The Force Integration Training phase provides a forum for integrated training with air, land and maritime forces to rehearse for the tactical phase. This phase also provides an opportunity for staff ashore to exercise operational level planning.

During the Tactical Phase, participants will transition into the execution of a warlike scenario consisting of unscheduled events where participants will have the opportunity to operate as they would during actual real world contingency or combat operations.

According to 513th officials, an advance team left in mid-July to participate in the FIT phase and help coordinate the integration of follow on AWAC assets into the Tactical Phase of the exercise.

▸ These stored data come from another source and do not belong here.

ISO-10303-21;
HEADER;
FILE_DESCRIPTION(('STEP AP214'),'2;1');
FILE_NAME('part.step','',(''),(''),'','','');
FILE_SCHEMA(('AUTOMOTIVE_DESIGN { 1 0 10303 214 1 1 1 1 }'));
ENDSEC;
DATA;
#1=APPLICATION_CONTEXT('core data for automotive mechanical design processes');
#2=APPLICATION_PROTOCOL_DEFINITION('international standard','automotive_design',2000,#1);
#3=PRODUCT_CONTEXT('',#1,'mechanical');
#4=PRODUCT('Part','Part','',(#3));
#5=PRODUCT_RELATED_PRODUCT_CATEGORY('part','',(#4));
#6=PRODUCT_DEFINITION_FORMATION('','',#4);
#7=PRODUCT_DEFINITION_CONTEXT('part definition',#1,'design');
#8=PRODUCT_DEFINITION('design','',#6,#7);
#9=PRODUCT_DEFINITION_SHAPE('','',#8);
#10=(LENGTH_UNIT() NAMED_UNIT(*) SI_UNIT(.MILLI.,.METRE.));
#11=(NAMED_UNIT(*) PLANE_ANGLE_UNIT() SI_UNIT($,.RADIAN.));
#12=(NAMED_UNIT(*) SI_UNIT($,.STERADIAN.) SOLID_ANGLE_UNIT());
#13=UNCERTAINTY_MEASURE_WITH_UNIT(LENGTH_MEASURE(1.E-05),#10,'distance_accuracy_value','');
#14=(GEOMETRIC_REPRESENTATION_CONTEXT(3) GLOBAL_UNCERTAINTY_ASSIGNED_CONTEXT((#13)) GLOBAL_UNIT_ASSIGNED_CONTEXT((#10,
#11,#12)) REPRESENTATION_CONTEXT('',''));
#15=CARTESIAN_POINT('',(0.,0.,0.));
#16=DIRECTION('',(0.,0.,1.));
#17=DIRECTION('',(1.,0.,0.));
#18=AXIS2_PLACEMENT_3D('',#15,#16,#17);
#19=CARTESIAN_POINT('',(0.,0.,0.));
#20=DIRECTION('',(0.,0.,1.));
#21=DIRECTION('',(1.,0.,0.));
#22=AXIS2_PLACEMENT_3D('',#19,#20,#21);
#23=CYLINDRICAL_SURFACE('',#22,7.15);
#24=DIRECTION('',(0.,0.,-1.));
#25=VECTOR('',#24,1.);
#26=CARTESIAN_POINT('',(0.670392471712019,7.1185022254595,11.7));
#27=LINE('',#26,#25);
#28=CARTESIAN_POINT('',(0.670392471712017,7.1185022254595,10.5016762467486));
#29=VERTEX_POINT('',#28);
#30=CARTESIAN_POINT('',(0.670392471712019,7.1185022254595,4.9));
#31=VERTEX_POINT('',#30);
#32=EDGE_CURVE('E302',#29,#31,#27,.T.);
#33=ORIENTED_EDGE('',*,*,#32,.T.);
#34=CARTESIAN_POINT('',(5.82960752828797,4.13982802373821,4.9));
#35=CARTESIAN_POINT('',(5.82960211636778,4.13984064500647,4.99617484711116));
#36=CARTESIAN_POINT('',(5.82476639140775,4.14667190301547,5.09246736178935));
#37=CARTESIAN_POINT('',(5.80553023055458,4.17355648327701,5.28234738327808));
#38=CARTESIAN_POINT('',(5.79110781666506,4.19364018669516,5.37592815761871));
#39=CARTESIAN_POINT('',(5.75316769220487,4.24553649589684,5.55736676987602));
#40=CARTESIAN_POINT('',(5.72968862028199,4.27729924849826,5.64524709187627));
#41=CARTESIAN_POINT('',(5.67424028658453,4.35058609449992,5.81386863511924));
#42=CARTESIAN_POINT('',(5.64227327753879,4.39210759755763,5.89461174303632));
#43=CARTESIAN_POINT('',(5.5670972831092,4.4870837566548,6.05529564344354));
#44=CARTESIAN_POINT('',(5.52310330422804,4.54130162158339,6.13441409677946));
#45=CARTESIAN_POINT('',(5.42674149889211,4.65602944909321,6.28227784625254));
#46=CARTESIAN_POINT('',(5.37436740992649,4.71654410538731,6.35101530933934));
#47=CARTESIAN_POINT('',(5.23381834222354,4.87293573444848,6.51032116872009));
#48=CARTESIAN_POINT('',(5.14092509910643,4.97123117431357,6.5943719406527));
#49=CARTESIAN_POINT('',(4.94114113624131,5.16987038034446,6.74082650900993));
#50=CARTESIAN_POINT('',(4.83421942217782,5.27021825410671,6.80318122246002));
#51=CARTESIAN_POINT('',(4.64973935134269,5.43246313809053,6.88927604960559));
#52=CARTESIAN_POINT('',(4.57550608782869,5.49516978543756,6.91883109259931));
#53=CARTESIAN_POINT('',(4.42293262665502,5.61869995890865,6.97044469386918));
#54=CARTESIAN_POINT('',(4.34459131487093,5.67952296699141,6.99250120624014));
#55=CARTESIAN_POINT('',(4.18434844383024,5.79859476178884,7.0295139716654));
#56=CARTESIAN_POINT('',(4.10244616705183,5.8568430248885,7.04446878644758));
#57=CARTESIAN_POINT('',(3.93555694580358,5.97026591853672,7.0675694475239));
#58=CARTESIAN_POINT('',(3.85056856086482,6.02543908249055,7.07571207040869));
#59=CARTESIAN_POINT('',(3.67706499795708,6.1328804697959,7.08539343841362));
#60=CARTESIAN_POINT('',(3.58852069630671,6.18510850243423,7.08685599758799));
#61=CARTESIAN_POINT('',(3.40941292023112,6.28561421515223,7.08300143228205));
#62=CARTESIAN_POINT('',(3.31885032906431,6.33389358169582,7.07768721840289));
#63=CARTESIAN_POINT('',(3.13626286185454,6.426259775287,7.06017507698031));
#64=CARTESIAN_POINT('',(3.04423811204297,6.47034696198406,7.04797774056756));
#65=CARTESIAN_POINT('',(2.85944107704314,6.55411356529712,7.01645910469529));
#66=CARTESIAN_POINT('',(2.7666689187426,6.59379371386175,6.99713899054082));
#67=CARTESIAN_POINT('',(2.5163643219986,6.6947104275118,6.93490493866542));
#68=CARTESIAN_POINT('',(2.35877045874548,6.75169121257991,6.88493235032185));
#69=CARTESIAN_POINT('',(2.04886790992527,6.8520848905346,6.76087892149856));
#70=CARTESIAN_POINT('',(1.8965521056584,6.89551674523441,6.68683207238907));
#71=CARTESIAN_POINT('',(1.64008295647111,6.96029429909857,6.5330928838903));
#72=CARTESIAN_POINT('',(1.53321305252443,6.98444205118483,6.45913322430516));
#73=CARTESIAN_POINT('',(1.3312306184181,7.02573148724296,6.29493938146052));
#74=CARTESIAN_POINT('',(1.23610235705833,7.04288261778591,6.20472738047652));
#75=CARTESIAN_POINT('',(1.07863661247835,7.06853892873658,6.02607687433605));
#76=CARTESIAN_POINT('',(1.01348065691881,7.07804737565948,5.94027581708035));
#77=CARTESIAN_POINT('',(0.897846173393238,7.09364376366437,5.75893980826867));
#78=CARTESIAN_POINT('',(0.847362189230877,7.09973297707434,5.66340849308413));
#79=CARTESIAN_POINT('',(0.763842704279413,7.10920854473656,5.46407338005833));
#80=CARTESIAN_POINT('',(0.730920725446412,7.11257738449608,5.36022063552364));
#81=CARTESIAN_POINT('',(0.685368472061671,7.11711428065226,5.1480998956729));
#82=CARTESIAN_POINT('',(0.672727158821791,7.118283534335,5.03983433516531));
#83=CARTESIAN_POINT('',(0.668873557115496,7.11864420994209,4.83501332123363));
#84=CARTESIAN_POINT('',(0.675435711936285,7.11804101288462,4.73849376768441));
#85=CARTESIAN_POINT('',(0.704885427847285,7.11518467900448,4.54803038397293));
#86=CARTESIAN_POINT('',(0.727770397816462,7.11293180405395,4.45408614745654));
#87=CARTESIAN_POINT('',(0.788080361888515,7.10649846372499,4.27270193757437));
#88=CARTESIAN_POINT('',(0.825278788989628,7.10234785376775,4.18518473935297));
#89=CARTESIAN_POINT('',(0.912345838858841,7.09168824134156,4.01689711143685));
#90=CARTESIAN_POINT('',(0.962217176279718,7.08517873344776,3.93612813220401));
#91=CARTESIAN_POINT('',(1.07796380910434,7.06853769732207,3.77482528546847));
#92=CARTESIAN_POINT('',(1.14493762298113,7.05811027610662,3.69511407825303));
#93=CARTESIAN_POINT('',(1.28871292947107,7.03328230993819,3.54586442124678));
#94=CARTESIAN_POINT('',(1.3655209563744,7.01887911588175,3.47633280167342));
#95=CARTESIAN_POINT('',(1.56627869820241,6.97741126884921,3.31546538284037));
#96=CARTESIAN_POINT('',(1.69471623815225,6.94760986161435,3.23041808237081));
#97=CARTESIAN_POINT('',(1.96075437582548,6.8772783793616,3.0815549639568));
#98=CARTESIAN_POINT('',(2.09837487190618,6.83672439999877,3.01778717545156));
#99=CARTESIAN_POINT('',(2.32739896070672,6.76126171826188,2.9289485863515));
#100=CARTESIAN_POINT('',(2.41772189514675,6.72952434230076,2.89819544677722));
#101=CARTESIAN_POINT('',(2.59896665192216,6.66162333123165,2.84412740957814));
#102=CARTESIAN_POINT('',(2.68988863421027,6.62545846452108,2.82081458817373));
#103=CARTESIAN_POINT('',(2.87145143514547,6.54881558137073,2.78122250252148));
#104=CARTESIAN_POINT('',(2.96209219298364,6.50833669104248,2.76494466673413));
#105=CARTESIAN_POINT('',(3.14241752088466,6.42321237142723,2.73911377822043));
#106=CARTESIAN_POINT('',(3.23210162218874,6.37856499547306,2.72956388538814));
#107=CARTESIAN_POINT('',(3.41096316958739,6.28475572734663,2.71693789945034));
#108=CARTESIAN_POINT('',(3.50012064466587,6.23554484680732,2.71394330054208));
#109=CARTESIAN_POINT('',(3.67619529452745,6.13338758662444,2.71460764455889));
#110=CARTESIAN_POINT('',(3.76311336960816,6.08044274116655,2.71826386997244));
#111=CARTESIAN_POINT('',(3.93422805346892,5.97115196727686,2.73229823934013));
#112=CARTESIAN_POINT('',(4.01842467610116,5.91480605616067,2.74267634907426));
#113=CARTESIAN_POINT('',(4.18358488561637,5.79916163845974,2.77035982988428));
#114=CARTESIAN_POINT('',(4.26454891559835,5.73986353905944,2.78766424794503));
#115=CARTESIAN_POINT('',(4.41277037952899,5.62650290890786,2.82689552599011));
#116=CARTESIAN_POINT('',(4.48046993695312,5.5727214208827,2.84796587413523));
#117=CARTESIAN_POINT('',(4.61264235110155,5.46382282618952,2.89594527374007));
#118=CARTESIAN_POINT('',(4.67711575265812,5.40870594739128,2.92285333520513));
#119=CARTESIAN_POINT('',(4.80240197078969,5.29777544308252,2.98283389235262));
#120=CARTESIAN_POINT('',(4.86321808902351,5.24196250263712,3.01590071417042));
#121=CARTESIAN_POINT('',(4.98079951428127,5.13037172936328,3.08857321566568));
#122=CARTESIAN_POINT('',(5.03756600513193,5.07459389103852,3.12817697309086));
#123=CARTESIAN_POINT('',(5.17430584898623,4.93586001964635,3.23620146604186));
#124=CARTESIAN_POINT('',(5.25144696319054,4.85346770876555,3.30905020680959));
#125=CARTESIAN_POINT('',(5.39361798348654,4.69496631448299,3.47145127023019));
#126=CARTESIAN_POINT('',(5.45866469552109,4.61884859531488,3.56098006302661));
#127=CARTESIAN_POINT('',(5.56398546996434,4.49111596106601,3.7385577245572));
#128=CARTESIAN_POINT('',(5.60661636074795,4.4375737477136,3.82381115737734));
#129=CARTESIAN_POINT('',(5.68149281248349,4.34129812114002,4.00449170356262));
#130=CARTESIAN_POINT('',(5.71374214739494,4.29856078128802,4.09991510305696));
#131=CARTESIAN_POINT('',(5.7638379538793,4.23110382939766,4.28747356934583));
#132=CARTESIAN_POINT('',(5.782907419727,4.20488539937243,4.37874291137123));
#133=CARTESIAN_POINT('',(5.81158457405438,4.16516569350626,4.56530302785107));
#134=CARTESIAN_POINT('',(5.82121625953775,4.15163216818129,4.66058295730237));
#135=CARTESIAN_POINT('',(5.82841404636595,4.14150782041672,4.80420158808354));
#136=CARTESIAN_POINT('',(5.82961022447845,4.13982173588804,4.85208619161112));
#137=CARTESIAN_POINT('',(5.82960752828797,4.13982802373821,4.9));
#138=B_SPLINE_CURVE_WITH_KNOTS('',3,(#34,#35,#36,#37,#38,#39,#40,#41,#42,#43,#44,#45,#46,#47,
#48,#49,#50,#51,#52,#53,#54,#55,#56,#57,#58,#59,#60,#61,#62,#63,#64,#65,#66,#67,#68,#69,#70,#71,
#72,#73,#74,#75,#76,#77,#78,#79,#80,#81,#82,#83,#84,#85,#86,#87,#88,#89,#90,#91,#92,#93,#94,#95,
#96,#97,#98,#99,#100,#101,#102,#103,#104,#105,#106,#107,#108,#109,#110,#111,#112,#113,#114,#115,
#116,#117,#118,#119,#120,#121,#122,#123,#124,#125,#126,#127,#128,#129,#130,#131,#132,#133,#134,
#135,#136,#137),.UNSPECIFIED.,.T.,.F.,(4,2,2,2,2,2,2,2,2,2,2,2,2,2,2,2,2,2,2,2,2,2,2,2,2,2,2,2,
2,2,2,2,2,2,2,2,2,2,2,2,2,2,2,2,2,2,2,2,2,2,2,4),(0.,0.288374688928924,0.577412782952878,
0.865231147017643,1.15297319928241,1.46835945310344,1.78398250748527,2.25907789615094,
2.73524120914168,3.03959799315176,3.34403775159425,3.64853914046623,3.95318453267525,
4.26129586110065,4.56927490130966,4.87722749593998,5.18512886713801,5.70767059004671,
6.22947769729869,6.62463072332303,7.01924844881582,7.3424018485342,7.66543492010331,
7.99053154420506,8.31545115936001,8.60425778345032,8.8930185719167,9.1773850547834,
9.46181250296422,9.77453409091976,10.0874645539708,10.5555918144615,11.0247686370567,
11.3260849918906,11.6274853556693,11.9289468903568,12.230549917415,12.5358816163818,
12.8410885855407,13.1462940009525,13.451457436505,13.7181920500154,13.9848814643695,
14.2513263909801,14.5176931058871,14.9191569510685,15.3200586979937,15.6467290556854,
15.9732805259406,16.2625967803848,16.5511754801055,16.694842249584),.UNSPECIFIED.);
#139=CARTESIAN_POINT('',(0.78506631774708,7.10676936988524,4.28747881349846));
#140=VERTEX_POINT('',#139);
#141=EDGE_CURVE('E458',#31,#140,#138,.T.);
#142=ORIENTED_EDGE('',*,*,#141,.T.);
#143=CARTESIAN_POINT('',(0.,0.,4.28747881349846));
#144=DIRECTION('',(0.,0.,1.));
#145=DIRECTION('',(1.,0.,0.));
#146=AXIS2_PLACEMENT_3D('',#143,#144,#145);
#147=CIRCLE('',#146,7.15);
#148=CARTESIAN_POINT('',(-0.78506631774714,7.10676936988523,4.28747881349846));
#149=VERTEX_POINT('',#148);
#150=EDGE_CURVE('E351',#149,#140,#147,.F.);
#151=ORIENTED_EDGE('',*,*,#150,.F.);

"This is the first time our group has participated in RIMPAC," said Lt. Col. Wayne Polinski, 513th Operations Support Flight and director of operations for the deployed AWACS team, "RIMPAC will provide us the opportunity to work with maritime assets that we don't have available for our normal flight profiles. The majority of air assets will come from the U.S. Navy and Air Force but Australia and Canada will be participating so we will receive valuable international experience."

The colonel said the reserve team will become involved in another first-time experience - helping the Australian Royal Air Force with its Airborne Early Warning and Control platform.

Colonel Polinski said his people will help test the new AEWC platform for the Australian Air Force called Wedgetail. They will participate in a War at Sea Exercise, Dynamic targeting, Strike, and Combat Search and Rescue missions.

"We anticipate receiving some great interoperability training with the Navy along with working in a robust data link environment that will give our crews the experience they need to operate in any future joint environment," Colonel Polinski said.

"We're looking forward to the challenge of operating in a mixed aerial and naval environment while helping to find, target and direct engagement towards opponent forces," he said.